[Data excerpts]
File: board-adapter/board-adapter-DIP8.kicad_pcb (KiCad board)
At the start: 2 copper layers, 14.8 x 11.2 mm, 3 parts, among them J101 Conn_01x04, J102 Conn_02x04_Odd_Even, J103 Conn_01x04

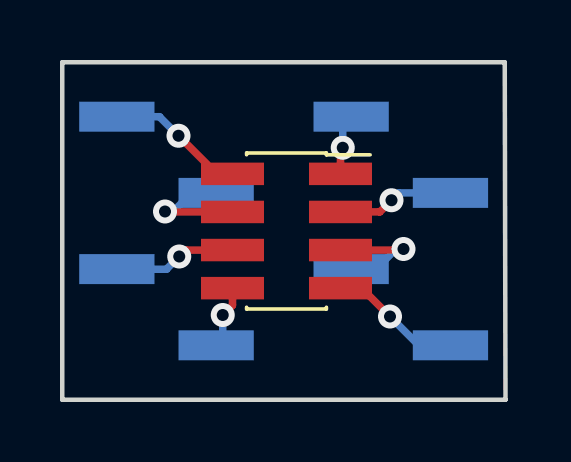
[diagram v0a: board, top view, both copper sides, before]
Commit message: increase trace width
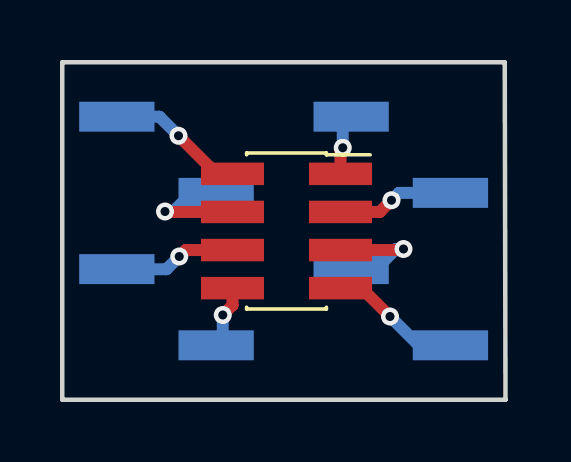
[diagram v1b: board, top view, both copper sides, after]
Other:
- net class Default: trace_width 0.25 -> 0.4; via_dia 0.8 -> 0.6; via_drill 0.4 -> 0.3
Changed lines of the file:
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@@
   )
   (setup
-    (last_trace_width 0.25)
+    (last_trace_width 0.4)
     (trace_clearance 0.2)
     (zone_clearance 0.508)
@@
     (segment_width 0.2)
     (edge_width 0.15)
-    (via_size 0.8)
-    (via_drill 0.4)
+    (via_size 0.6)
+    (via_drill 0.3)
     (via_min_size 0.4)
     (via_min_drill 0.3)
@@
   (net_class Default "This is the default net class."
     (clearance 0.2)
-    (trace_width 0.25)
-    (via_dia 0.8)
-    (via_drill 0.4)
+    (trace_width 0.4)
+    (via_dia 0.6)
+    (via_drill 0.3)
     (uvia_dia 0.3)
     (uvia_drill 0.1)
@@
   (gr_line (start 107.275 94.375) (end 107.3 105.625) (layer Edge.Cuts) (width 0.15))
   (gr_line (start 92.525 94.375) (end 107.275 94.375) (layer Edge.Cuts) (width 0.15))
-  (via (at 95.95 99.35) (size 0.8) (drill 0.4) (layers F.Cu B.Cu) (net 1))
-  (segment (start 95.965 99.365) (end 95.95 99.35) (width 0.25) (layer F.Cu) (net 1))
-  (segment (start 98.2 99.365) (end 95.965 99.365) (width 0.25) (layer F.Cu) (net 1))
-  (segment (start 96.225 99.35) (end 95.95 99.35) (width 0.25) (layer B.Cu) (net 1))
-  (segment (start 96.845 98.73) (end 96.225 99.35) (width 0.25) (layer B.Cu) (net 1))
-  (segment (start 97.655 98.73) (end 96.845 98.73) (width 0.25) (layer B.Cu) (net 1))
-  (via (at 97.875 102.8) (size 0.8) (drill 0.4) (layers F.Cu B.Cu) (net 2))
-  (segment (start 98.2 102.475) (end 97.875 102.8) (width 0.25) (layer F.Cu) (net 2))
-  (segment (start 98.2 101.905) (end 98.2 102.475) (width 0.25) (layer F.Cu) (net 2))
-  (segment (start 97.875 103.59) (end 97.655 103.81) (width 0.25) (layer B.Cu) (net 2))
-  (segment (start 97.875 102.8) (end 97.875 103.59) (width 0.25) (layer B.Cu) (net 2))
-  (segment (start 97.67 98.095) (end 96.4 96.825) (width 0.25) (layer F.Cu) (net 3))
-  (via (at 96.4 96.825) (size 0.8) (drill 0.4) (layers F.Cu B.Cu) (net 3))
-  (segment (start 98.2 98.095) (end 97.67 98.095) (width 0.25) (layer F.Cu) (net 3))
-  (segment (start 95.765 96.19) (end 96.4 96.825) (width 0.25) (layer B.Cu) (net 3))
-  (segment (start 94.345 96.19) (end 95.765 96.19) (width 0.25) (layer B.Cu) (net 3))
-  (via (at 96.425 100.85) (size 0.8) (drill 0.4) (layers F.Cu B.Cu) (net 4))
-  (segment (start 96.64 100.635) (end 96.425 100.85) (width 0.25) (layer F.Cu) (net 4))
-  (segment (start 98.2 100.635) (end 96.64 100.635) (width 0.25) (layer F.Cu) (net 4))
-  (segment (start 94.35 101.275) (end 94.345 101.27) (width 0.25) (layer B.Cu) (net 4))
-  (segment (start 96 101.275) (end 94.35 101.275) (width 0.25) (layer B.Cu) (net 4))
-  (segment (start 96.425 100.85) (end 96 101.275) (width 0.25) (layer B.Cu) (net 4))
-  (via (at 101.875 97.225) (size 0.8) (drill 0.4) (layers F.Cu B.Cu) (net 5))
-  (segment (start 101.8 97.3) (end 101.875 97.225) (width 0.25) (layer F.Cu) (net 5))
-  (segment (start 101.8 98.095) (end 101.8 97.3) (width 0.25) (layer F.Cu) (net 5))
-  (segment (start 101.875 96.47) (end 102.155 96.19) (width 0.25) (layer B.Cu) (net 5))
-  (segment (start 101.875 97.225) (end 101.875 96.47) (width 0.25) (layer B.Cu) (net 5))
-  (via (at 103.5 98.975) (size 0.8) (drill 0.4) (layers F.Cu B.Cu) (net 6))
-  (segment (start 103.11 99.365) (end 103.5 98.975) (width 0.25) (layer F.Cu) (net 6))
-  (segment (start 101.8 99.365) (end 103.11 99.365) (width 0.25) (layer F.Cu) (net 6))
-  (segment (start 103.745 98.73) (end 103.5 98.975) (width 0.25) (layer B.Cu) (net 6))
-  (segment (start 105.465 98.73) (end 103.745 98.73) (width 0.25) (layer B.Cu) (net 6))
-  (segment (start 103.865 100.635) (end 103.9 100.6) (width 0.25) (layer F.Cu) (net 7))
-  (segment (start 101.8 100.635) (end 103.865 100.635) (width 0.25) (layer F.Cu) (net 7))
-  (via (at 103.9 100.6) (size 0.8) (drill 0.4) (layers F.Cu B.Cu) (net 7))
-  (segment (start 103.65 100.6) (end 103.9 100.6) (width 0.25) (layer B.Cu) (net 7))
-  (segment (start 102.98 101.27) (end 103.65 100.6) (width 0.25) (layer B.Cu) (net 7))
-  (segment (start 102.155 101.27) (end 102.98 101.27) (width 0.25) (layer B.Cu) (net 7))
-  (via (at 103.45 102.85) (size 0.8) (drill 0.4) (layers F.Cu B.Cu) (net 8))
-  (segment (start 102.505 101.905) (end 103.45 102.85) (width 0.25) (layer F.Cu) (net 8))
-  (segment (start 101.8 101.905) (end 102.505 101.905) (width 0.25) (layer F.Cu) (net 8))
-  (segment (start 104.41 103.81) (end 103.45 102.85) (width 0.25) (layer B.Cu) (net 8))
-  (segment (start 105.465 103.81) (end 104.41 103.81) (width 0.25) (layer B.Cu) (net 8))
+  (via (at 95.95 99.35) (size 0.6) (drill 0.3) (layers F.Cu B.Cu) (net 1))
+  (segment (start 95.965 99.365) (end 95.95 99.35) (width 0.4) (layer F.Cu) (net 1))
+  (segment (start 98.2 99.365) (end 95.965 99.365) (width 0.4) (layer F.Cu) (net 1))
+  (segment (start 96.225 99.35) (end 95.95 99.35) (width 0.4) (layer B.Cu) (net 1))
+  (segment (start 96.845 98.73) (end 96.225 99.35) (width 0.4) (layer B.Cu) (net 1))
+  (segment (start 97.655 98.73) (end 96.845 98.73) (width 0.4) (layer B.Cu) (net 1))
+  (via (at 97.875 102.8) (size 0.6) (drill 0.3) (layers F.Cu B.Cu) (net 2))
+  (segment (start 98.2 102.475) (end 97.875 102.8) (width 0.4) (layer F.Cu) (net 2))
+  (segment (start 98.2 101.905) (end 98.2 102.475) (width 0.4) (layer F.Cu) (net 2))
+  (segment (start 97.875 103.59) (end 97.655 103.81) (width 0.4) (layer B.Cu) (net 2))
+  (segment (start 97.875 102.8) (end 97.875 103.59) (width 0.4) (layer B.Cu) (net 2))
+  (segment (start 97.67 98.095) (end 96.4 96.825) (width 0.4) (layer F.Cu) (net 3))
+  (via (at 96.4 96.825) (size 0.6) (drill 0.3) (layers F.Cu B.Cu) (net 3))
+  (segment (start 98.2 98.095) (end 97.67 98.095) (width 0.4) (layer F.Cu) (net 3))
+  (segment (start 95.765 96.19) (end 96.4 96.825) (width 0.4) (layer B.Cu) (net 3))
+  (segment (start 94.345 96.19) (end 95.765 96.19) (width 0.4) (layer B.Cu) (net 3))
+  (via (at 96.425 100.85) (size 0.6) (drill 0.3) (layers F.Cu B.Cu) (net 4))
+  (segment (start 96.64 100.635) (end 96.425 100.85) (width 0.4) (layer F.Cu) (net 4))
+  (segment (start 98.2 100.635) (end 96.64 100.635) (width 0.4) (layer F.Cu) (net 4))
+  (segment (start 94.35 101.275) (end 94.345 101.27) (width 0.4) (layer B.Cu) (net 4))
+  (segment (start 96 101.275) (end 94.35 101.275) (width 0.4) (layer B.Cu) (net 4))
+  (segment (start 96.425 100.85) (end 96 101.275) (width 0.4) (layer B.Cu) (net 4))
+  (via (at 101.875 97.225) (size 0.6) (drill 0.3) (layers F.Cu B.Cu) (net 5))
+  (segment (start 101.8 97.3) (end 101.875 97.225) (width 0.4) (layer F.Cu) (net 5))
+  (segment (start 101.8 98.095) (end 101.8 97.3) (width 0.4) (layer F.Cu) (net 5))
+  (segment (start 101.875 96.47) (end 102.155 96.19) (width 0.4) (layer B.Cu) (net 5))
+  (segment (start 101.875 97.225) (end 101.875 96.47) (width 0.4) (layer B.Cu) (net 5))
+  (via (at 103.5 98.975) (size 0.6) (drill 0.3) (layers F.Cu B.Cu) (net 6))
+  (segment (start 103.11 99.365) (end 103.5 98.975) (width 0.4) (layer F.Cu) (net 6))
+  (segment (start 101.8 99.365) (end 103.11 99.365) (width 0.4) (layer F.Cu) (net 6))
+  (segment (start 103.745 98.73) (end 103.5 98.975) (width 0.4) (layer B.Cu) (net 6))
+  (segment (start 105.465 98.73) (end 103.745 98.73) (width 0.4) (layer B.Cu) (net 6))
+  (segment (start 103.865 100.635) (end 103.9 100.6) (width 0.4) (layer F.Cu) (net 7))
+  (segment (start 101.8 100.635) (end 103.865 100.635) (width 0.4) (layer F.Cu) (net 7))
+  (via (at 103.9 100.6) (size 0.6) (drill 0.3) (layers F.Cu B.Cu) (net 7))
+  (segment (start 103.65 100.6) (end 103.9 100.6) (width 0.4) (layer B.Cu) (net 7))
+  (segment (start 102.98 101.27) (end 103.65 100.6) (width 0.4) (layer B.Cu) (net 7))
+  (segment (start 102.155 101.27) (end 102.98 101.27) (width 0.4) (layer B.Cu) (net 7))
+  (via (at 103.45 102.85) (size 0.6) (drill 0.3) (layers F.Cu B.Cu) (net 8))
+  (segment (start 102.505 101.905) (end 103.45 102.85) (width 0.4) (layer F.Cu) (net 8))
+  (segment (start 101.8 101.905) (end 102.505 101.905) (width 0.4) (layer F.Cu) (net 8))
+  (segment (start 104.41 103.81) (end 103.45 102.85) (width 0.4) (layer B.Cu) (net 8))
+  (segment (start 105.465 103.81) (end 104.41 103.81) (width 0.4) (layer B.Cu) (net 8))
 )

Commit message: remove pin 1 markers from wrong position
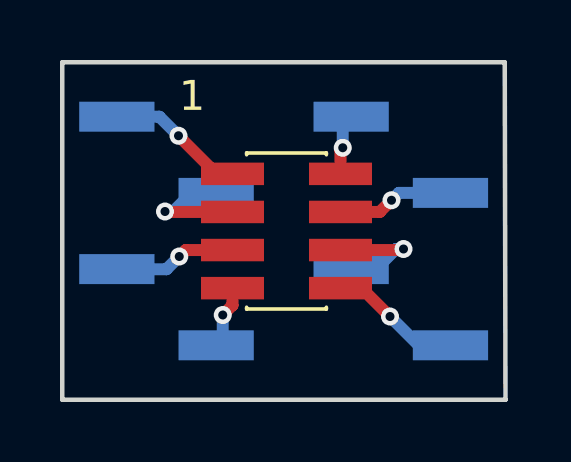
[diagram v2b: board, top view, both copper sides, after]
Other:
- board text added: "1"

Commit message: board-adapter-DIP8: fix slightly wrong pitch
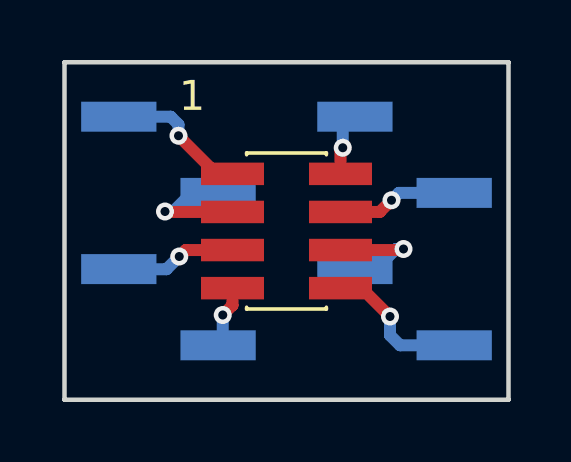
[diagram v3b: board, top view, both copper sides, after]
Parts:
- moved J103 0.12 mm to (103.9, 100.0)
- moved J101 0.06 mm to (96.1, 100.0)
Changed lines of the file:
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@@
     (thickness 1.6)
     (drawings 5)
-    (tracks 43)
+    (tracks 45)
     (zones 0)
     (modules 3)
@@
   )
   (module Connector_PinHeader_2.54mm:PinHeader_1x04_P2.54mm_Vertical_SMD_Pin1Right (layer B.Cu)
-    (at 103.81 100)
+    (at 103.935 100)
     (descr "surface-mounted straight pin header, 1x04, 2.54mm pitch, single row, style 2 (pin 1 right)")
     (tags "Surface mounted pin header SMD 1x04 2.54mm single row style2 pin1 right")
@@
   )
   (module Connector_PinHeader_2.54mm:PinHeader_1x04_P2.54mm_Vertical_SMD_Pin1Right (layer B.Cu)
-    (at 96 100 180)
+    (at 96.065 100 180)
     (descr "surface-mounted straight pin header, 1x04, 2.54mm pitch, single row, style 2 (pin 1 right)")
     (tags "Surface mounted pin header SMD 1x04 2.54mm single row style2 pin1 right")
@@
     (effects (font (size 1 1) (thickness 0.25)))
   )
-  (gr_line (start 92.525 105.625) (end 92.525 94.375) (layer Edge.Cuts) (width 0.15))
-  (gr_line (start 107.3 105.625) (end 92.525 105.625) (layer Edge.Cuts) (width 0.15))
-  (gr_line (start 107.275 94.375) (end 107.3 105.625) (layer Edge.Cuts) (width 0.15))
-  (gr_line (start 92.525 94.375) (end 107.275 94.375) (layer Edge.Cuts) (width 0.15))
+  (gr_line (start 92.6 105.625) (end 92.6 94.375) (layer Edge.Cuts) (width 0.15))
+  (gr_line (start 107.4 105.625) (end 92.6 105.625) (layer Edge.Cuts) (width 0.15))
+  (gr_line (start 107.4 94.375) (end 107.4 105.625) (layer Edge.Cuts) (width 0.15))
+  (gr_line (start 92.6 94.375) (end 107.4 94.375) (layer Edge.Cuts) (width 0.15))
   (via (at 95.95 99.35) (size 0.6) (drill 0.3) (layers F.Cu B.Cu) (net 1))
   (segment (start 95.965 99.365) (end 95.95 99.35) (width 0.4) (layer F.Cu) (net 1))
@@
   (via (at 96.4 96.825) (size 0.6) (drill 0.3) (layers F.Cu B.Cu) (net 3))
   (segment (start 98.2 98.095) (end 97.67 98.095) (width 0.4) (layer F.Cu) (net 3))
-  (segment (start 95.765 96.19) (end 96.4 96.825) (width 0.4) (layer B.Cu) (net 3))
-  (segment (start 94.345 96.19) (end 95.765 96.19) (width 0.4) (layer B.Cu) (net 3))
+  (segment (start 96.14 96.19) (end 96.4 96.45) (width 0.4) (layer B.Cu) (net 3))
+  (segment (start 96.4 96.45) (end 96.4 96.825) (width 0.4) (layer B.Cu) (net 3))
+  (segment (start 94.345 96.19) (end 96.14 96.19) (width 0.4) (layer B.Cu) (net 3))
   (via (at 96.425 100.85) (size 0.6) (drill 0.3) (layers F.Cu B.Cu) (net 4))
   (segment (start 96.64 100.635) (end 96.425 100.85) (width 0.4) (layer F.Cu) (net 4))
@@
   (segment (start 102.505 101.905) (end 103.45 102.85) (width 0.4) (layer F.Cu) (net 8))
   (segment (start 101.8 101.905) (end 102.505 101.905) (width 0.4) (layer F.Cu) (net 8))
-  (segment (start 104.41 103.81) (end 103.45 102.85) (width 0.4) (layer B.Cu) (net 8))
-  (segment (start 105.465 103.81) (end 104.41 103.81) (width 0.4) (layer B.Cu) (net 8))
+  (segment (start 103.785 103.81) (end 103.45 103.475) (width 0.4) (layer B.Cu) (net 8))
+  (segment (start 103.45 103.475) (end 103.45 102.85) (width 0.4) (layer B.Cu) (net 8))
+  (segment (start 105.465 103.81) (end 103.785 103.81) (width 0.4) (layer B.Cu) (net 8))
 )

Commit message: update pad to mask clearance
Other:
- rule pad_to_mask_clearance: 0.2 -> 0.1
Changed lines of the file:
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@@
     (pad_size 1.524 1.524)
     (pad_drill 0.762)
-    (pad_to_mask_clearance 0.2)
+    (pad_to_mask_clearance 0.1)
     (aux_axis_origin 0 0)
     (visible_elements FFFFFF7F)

■ Work item
Only the lines above from the line containing "97.3) (width 0.4) (layer F.Cu) (net 5))" through the line containing "96.47) (width 0.4) (layer B.Cu) (net 5))" should be retyped, exactly and with both ends included.

■ Response to the exercise
+  (segment (start 101.8 98.095) (end 101.8 97.3) (width 0.4) (layer F.Cu) (net 5))
+  (segment (start 101.875 96.47) (end 102.155 96.19) (width 0.4) (layer B.Cu) (net 5))
+  (segment (start 101.875 97.225) (end 101.875 96.47) (width 0.4) (layer B.Cu) (net 5))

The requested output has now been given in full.